We reported previously about a lawsuit challenging the Village of Niles' approval of a special use permit to allow the operation of a gun store and indoor firing range in the Village. In an earlier decision, the appellate court reversed the trial court's dismissal of the lawsuit based on lack of "standing", and sent the case back to the trial court for further proceedings.

After the case was sent back to the trial court, the plaintiff filed an amended complaint alleging that the Village's grant of the special use permit was unconstitutional. The trial court again dismissed the case for lack of standing, and the plaintiff again appealed. Last week, the appellate court upheld the dismissal of the case in People for a Safer Society v. Village of Niles.

The plaintiff had argued that the ordinance the Village approved to grant a special use to allow the gun store and indoor firing range was "arbitrary and capricious" and violated the plaintiff's substantive due process rights. The lawsuit also argued that the approval would reduce the value of neighboring properties. In its motion to dismiss, the Village argued that plaintiffs lacked standing because they did not own or reside in property adjacent or adjoining the property. The Village also argued that the complaint did not show any evidence of a special harm to the plaintiffs different than what the general public might suffer.

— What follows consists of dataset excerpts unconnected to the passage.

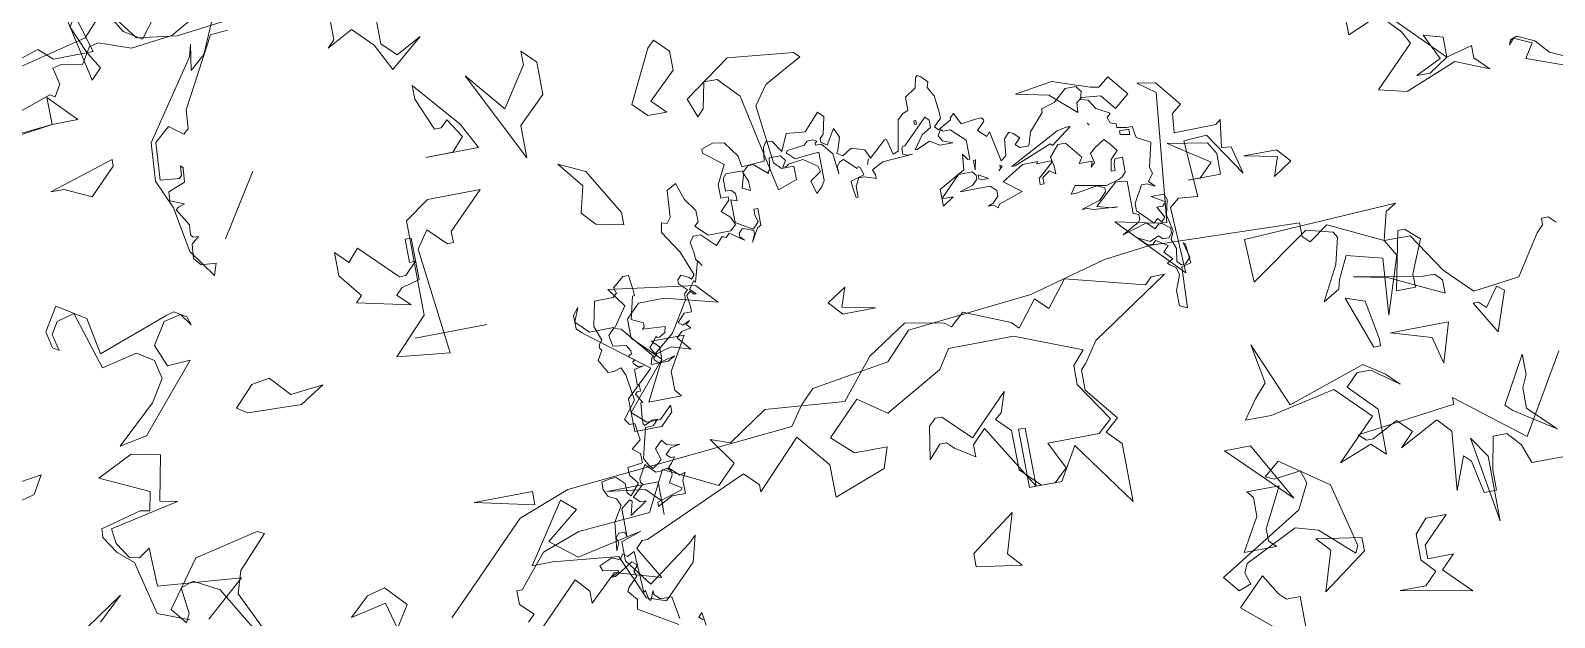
# Model space of a CAD drawing. Header units: millimetres. Extents: x 1418 to 1811, y 1796 to 1956.
# Drawn here: x 1464.905 to 1465.445, y 1884.801 to 1885.009 of the extents above; entities that cross this region are included whole.
import ezdxf

# ---------------------------------------------------------------- set-up
doc = ezdxf.new("R2010")
doc.units = ezdxf.units.MM
doc.layers.add('ARBRE', color=251, linetype='Continuous', lineweight=13)

# ---------------------------------------------------------------- blocks, each defined once
blk = doc.blocks.new('WMF26', base_point=(0, 0.0008))
at = {"color": 85}
for points in [[(7.3226, -0.1836), (7.3588, -0.2206), (7.4617, -0.1474), (7.7449, -0.2857), (7.8833, -0.2857), (8.0216, -0.4965), (8.1591, -0.6356), (8.4069, -0.6051), (8.5452, -0.3952), (8.5814, -0.3581), (8.5814, -0.3219), (8.6177, -0.3219), (8.6539, -0.3581)], [(8.3048, -12.4823), (8.0578, -12.5119), (7.8462, -12.4823), (7.6066, -12.162)], [(7.4979, -12.1332), (7.6066, -12.5119), (7.395, -12.5119), (7.3226, -12.4461), (6.6606, -12.6568)], [(2.5424, -1.3338), (2.6445, -1.2317), (2.9936, -0.8826), (3.2694, -0.7805), (4.492, -0.6718), (4.5653, -0.5689), (4.6377, -0.4965), (5.0527, -0.4314), (5.191, -0.2857), (5.8604, -0.2206), (6.2753, -0.1111), (6.5223, -0.0815), (7.3226, -0.1111), (7.3226, -0.1836), (7.3226, -0.1836)]]:
    blk.add_lwpolyline(points, dxfattribs=at)
at = {"color": 63}
for points in [[(7.7449, -0.2857), (7.796, -0.3738), (7.6955, -0.6776), (7.7211, -0.3754), (7.5325, -0.326), (7.4749, -0.4438), (7.4617, -0.4932), (7.3736, -0.5442), (7.4699, -0.3623), (7.5062, -0.2231), (7.4881, -0.1918), (7.3481, -0.1548), (7.0303, -0.3746), (7.0221, -0.1433), (7.8404, -0.1029), (7.7836, -0.1358), (7.7449, -0.2857), (7.7449, -0.2857)], [(6.5001, -0.2462), (6.5734, -0.2462), (6.1518, -0.522), (6.0777, -0.6315), (6.0489, -0.6611), (6.0489, -0.7698), (6.188, -0.9443), (6.1156, -1.0094), (6.188, -1.0827), (6.188, -1.3955), (5.9402, -1.0464), (5.8381, -1.221), (5.7006, -1.221), (5.489, -0.8711), (5.4166, -0.9443), (5.4166, -1.0094), (5.3145, -0.9443), (5.2783, -0.9081), (5.2421, -0.9081), (5.1762, -0.9806), (5.2058, -0.806), (5.2421, -0.7698), (5.2783, -0.7698), (5.4166, -0.9081), (5.6274, -0.6973), (5.5903, -0.806), (5.5541, -0.8348), (5.6274, -0.9081), (5.6274, -1.1189), (5.7295, -1.221), (5.8019, -1.221), (5.8744, -1.1551), (5.8019, -1.0094), (6.0777, -1.0094), (6.1518, -0.9443), (6.0127, -0.7336), (6.0127, -0.6315), (6.0777, -0.5582), (5.7295, -0.4199), (5.3804, -0.4199), (5.3145, -0.522), (5.0016, -0.6973), (4.8559, -0.5944), (4.6814, -0.7698), (4.7909, -0.8711), (4.9654, -0.8711), (4.9292, -0.9806), (4.6517, -1.0827), (4.6517, -0.9081), (4.5068, -0.7336), (4.2664, -0.9806), (4.2664, -0.9443), (4.194, -0.8711), (3.6333, -1.1189), (3.6045, -1.1189), (3.5683, -1.1551), (3.6695, -1.3297), (3.4299, -1.2572), (3.2842, -1.3955), (3.2842, -1.3297), (3.2192, -1.2572), (2.8693, -1.6063)], [(2.9343, -1.4317), (2.9722, -1.3955), (2.9055, -1.3297), (2.9055, -1.2572), (2.9343, -1.2572), (3.0808, -1.0827), (3.2842, -1.0094), (3.6695, -0.9806), (3.779, -0.7698), (4.0557, -0.9081), (4.1577, -0.806), (4.0557, -0.6611), (4.1577, -0.6973), (4.3685, -0.5582), (4.7909, -0.5944), (4.9654, -0.3837), (5.1762, -0.2462), (5.3804, -0.2824), (5.4166, -0.3112), (5.489, -0.2462), (5.7295, -0.3474), (5.7657, -0.3837), (5.8744, -0.2462), (5.9402, -0.3112), (6.0489, -0.1729), (6.4639, -0.2824), (6.5001, -0.2462), (6.5001, -0.2462)], [(8.4686, -1.5816), (8.2941, -1.5816), (8.2579, -1.4795), (8.192, -1.4062), (8.1195, -1.4062), (8.0833, -1.5816), (8.0833, -1.6903), (8.0175, -1.6903), (7.9812, -1.5157), (7.945, -1.4795), (7.8791, -1.654), (7.9088, -1.3404), (7.8429, -1.2679), (7.6321, -1.3774), (7.7046, -1.3041), (7.6321, -1.2317), (7.4938, -1.3041), (7.4576, -1.3041), (7.4205, -1.2679), (7.945, -1.2029), (7.945, -1.1666), (8.2941, -1.4424), (8.5419, -1.0275)], [(5.3112, -1.5083), (5.5508, -1.3338), (5.4849, -1.5445), (5.5508, -1.6178), (5.3112, -1.5808), (5.3112, -1.5083), (5.3112, -1.5083)], [(7.2929, -1.8805), (7.1217, -1.724), (7.0023, -1.6894), (6.7191, -1.8286), (6.6969, -1.8747), (6.7183, -1.9373), (6.6499, -1.9611), (6.5816, -1.8772), (7.0394, -1.5997), (7.1077, -1.4671), (7.0838, -1.398), (6.943, -1.4169), (6.8969, -1.3947), (6.9801, -1.3264), (7.2279, -1.5017), (7.3102, -1.8426), (7.2929, -1.8805), (7.2929, -1.8805)], [(2.8569, -4.5002), (2.791, -4.3446), (2.805, -4.1405), (3.0874, -3.7321), (3.1055, -3.6671), (3.0825, -3.8054), (3.164, -3.7346), (3.2513, -3.5394)], [(3.3106, -3.6316), (3.2183, -3.6382), (3.0183, -4.0046), (3.0117, -4.1042), (2.9837, -4.1289), (2.9104, -4.0738), (2.8289, -4.1446), (2.8149, -4.3438), (2.917, -4.3537), (2.931, -4.3413), (2.9351, -4.2887), (2.9475, -4.3027), (2.9401, -4.3784), (2.8495, -4.413), (2.8462, -4.4599), (2.9178, -4.4912), (2.8833, -4.5019), (2.8693, -4.5142), (2.9236, -4.6048), (2.9195, -4.6575), (2.9318, -4.6715), (2.959, -4.6731), (2.9187, -4.7077), (2.9112, -4.7835), (2.9458, -4.823), (3.0249, -4.8287), (3.0043, -4.8913), (2.9005, -4.7431), (2.8569, -4.5002), (2.8569, -4.5002)], [(2.3094, -3.9494), (2.0986, -3.9783), (1.9957, -3.9783), (2.3094, -3.9494), (2.3094, -3.8045), (2.4469, -3.9494), (2.3094, -3.9494), (2.3094, -3.9494)], [(4.3603, -4.4846), (4.4253, -4.4122), (4.3603, -4.3101), (4.3241, -4.3463), (4.2878, -4.3463), (4.2146, -4.1717), (4.2146, -4.0993), (4.4253, -4.3463), (4.4986, -4.4846), (4.2146, -4.4846), (4.3603, -4.4846), (4.3603, -4.4846)], [(4.6723, -4.3101), (4.8115, -4.0993), (4.8115, -4.0268), (4.8839, -4.0993), (4.8839, -4.273), (4.739, -4.4122), (4.739, -4.5867), (4.4986, -4.0993), (4.6723, -4.3101), (4.6723, -4.3101)], [(5.3351, -4.4122), (5.4734, -4.1355), (5.5096, -4.0993), (5.5821, -4.1717), (5.5821, -4.273), (5.4372, -4.4122), (5.5096, -4.4846), (5.4075, -4.4846), (5.3351, -4.4122), (5.3351, -4.4122)], [(3.304, -4.3875), (3.0973, -4.7127), (3.304, -4.3875), (3.304, -4.3875)], [(4.8889, -6.482), (4.8707, -6.4424), (4.8304, -6.4219), (4.8098, -6.3823), (4.8098, -6.342), (4.86, -6.3321), (4.8889, -6.3321), (4.9308, -6.3716), (4.9308, -6.4219), (4.9498, -6.4424), (5, -6.3823), (4.9605, -6.3321), (4.9605, -6.2918), (5.0395, -6.2819), (5.0395, -6.2317), (5, -6.1996), (5.0502, -6.1601), (5.0395, -6.0695), (5.0107, -6.0695), (4.9893, -6.0398), (5.0609, -5.9485), (5.0395, -5.8077), (5.0214, -5.7682), (4.9811, -5.7789), (4.9498, -5.7789), (4.9103, -5.7072), (4.9391, -5.6562), (4.9308, -5.6463), (4.9308, -5.6274), (4.9498, -5.606), (4.921, -5.5269), (4.9498, -5.3952), (5.0502, -5.3952), (5.0708, -5.3763), (5.0609, -5.345), (5.121, -5.2947), (5.1507, -5.2947), (5.1614, -5.3763), (5.1614, -5.4059), (5.1507, -5.4059), (5.121, -5.5269), (5.182, -5.5557), (5.182, -5.5771), (5.1712, -5.5878), (5.2915, -5.5961), (5.2832, -5.6274), (5.2519, -5.6463), (5.2412, -5.6463), (5.233, -5.6381), (5.2124, -5.6669), (5.191, -5.6891), (5.2124, -5.7286), (5.3227, -5.6381), (5.4232, -5.4767), (5.4232, -5.4454), (5.4421, -5.4265), (5.4026, -5.387), (5.4026, -5.3656), (5.4232, -5.345), (5.4635, -5.3656), (5.4734, -5.3763), (5.4923, -5.3557), (5.4421, -5.2248), (5.3631, -5.1037), (5.373, -5.0535), (5.4026, -5.0634), (5.4232, -5.0346), (5.4339, -4.8921), (5.4841, -4.8633), (5.5137, -4.9531), (5.564, -5.0239), (5.564, -5.0848), (5.5426, -5.1037), (5.6035, -5.1638), (5.7253, -5.1638), (5.755, -5.135), (5.736, -5.093), (5.6941, -5.0535), (5.7443, -5.0033), (5.7443, -4.9844), (5.7048, -4.9844), (5.7048, -4.9127), (5.755, -4.8123), (5.6545, -4.7324), (5.6545, -4.7118), (5.7146, -4.6904), (5.7756, -4.7011), (5.8365, -4.7826), (5.8447, -4.8419), (5.9657, -4.8337), (5.9765, -4.7621), (5.9954, -4.7324), (6.0267, -4.7407), (6.0662, -4.8016), (6.1074, -4.7118), (6.2078, -4.7217), (6.2893, -4.632), (6.3181, -4.6616), (6.2975, -4.7514), (6.2786, -4.7719), (6.2786, -4.7909), (6.3082, -4.8123), (6.3576, -4.7324), (6.3791, -4.7826), (6.3576, -4.8526), (6.3478, -4.8633), (6.3791, -4.8839), (6.4293, -4.8526), (6.4984, -4.8732), (6.519, -4.9234), (6.6096, -4.8419), (6.6203, -4.8419), (6.6409, -4.9234), (6.6705, -4.9127), (6.7001, -4.7514), (6.7314, -4.7217), (6.7602, -4.7118), (6.7602, -4.6402), (6.8212, -4.6007), (6.8319, -4.5505), (6.8418, -4.5398), (6.8607, -4.5505), (6.892, -4.5818), (6.8821, -4.6114), (6.9109, -4.6616), (6.9216, -4.7514), (6.9216, -4.7826), (6.8821, -4.8222), (6.901, -4.8419), (6.9718, -4.8016), (6.9718, -4.7909), (6.9932, -4.7719), (7.0229, -4.8337), (7.1019, -4.8222), (7.134, -4.8222), (7.1439, -4.8337), (7.1439, -4.8419), (7.1019, -4.8839), (7.1439, -4.9234), (7.1629, -4.9028), (7.1941, -5.0634), (7.2238, -5.0428), (7.2345, -4.9531), (7.2633, -4.9234), (7.2839, -4.9341), (7.3135, -4.9629), (7.2839, -4.9926), (7.3028, -5.0132), (7.353, -5.0132), (7.3744, -4.9424), (7.4543, -4.8526), (7.4543, -4.8337), (7.5259, -4.8123), (7.5967, -4.7514), (7.6552, -4.7514), (7.6766, -4.7826), (7.6659, -4.8222), (7.7054, -4.8337), (7.7367, -4.8839), (7.8059, -4.9234), (7.7869, -4.9424), (7.7976, -4.9737), (7.8273, -4.9844), (7.8273, -5.0033), (7.8775, -5.0132), (7.9071, -5.0132), (7.9178, -5.0741), (7.9886, -5.1136), (7.9574, -5.2437), (7.9681, -5.2758), (7.9384, -5.3153), (7.9681, -5.345), (7.9277, -5.326), (7.8989, -5.326), (7.8478, -5.4158), (7.8478, -5.4561), (7.9277, -5.5376), (7.9491, -5.5162), (7.9681, -5.5376), (7.9886, -5.5162), (7.9574, -5.4561), (7.9886, -5.4561), (8.0076, -5.4372), (7.9384, -5.3952), (8.0076, -5.3952), (8.0183, -5.4265), (7.9993, -5.5063), (8.0183, -5.5961), (7.9993, -5.6381), (8.0183, -5.6891), (8.0076, -5.7575), (8.0282, -5.7789), (8.0496, -5.7789), (8.0784, -5.7476), (8.0578, -5.6669), (8.0685, -5.6784), (8.0784, -5.7789), (8.0282, -5.7896), (8.0183, -6.0086), (7.9779, -5.9896), (7.9779, -5.9081), (8.0076, -5.8291), (7.9993, -5.7896), (7.9681, -5.7682), (7.9574, -5.7575), (7.9886, -5.7393), (7.9491, -5.6973), (7.9779, -5.6669), (7.9178, -5.6274), (7.8989, -5.6463), (7.8668, -5.6381), (7.8273, -5.5961), (7.8882, -5.6274), (7.9384, -5.606), (7.9574, -5.6274), (7.9886, -5.6274), (8.0076, -5.606), (8.0076, -5.5771), (7.9681, -5.5459), (7.9491, -5.5459), (7.9277, -5.5664), (7.8882, -5.5269), (7.7556, -5.5664), (7.8478, -5.5162), (7.8561, -5.5063), (7.8561, -5.4767), (7.8273, -5.466), (7.8273, -5.2947), (7.7976, -5.2865), (7.7663, -5.2865), (7.6552, -5.387), (7.647, -5.3952), (7.7268, -5.4158), (7.7556, -5.4158), (7.6264, -5.4059), (7.5967, -5.3952), (7.5655, -5.3952), (7.6659, -5.3656), (7.7054, -5.326), (7.7054, -5.3054), (7.6659, -5.2865), (7.5547, -5.3054), (7.5259, -5.3054), (7.5547, -5.2651), (7.7161, -5.2947), (7.7869, -5.2758), (7.8059, -5.2651), (7.8273, -5.2437), (7.8273, -5.1638), (7.7869, -5.1638), (7.777, -5.1935), (7.777, -5.2248), (7.7556, -5.2248), (7.7663, -5.1638), (7.8059, -5.1243), (7.777, -5.0848), (7.7474, -5.0535), (7.6972, -5.0848), (7.6659, -5.1136), (7.6766, -5.1638), (7.6552, -5.1852), (7.6659, -5.154), (7.5967, -5.154), (7.6157, -5.1243), (7.5465, -5.0346), (7.5045, -5.0346), (7.4543, -5.093), (7.465, -5.1433), (7.465, -5.1852), (7.4354, -5.1638), (7.4033, -5.1852), (7.395, -5.1935), (7.395, -5.2248), (7.3744, -5.2248), (7.3744, -5.1935), (7.4543, -5.1243), (7.4543, -5.1136), (7.3744, -5.1136), (7.3843, -5.1037), (7.3028, -5.1037), (7.1843, -5.1745), (7.274, -5.2437), (7.1439, -5.2865), (7.134, -5.3054), (7.1126, -5.2865), (7.0838, -5.2865), (7.1126, -5.2758), (7.1439, -5.2437), (7.1439, -5.2141), (7.1126, -5.1852), (6.9513, -5.1852), (7.0229, -5.1638), (7.0517, -5.135), (7.0517, -5.1136), (7.0336, -5.093), (6.9611, -5.093), (6.8508, -5.2042), (6.9109, -5.2042), (6.8508, -5.2437), (6.8508, -5.154), (6.9932, -5.0741), (7.0015, -4.9926), (7.0229, -5.0239), (7.0336, -5.0239), (7.0336, -4.9234), (6.9611, -4.8526), (6.9216, -4.8526), (6.9109, -4.8419), (6.892, -4.8732), (6.9109, -4.9028), (6.9611, -4.9234), (6.892, -4.9234), (6.8418, -4.8921), (6.771, -4.9234), (6.7602, -4.9234), (6.8105, -4.8526), (6.8607, -4.8222), (6.8607, -4.7826), (6.8418, -4.7621), (6.71, -4.8921), (6.7001, -4.8921), (6.6911, -4.9028), (6.6911, -4.9341), (6.71, -4.9424), (6.7413, -4.9424), (6.5808, -4.9531), (6.519, -4.9844), (6.5297, -5.0132), (6.5297, -5.0346), (6.4688, -5.0132), (6.44, -5.0132), (6.4186, -5.0535), (6.4186, -5.1136), (6.4079, -5.1136), (6.398, -5.0535), (6.398, -5.0239), (6.4688, -5.0033), (6.4581, -4.9629), (6.4482, -4.9531), (6.44, -4.9629), (6.3791, -4.9028), (6.3576, -4.9127), (6.3395, -4.9341), (6.3395, -4.9737), (6.3288, -4.8633), (6.2893, -4.8123), (6.2786, -4.8016), (6.2473, -4.8016), (6.2473, -4.7909), (6.258, -4.7826), (6.2391, -4.7719), (6.2078, -4.7719), (6.1889, -4.7909), (6.0967, -4.8016), (6.0884, -4.8123), (6.1279, -4.8526), (6.2284, -4.8419), (6.258, -4.8419), (6.258, -4.9926), (6.2391, -5.0239), (6.2078, -5.0535), (6.1889, -4.9844), (6.2473, -4.9424), (6.2391, -4.9127), (6.1675, -4.8633), (6.0884, -4.8732), (6.0769, -4.8839), (6.0563, -4.8839), (6.0769, -4.8526), (6.0563, -4.8222), (5.9954, -4.8222), (5.9872, -4.8839), (5.9765, -4.8921), (5.9765, -4.9028), (5.9056, -4.8419), (5.876, -4.8419), (5.8447, -4.8732), (5.8653, -4.9234), (5.8653, -4.9737), (5.8258, -4.9531), (5.8447, -4.8839), (5.8447, -4.8633), (5.755, -4.8633), (5.736, -4.8839), (5.736, -4.9531), (5.7649, -4.9531), (5.7863, -4.9737), (5.7863, -5.0132), (5.755, -5.0033), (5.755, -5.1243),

The appellate court applied a three-part test to determine whether the plaintiff "People for a Safer Society" had association standing to challenge the zoning approval. Although the court determined that the plaintiff showed that the group's interests in suing were consistent with its purposes and that the claim did not require participation of individual members, it did not meet the third factor - that its members would have standing to sue in their own right. Since plaintiff could not show that any of its members had individual standing to sue, plaintiff did not have the standing required to challenge Niles' zoning approval. As a result, the dismissal of the case was appropriate.


Tuesday, October 2, 2018

Exclusive Remedy to Challenge Township Road Tax is Tax Objection Process


A citizen filed a lawsuit to challenge a road tax assessed by an Illinois township. The tax had been approved by residents at a special township meeting. The plaintiff claimed that the tax was illegal because it was imposed in violation of the state tax cap law (PTELL), and that the meeting at which it was approved was not properly noticed and township officials acted inappropriately. 

The circuit court dismissed the case, finding that plaintiff was required to file a tax objection complaint rather than pursue a class action lawsuit. Plaintiff appealed, and the appellate court also ruled against him, finding that the appropriate and exclusive remedy for plaintiff to challenge a tax is through the statutory tax-objection process. Since plaintiff did not avail himself of that procedure, the circuit court properly dismissed his case. Reno v. Newport Township, 2018 IL App (2d) 170967

Monday, October 1, 2018

Ill Supreme Court Upholds Hospital Charitable Tax Exemption


The Illinois Supreme Court recently issued an opinion relating to a hospital's eligibility for a charitable property tax exemption. Oswald v. Hamer, 2018 IL 122203

Oswald, a Cook County taxpayer, had filed a lawsuit alleging that Section 15-86 of the Property Tax Code (which authorizes charitable property tax exemptions) is facially unconstitutional. Oswald claimed that the Illinois Constitution authorizes the state legislature to exempt from taxation only properties that are exclusively used for charitable purposes, yet the statute mandated that hospitals receive a tax exemption even if they were not exclusively used for charitable purposes. 

The Court rejected Oswald's constitutional challenge, finding that Oswald did not meet the burden of showing that the statute was unconstitutional in all applications, and that each hospital would still have to establish that it met the statutory definition to obtain a tax exemption.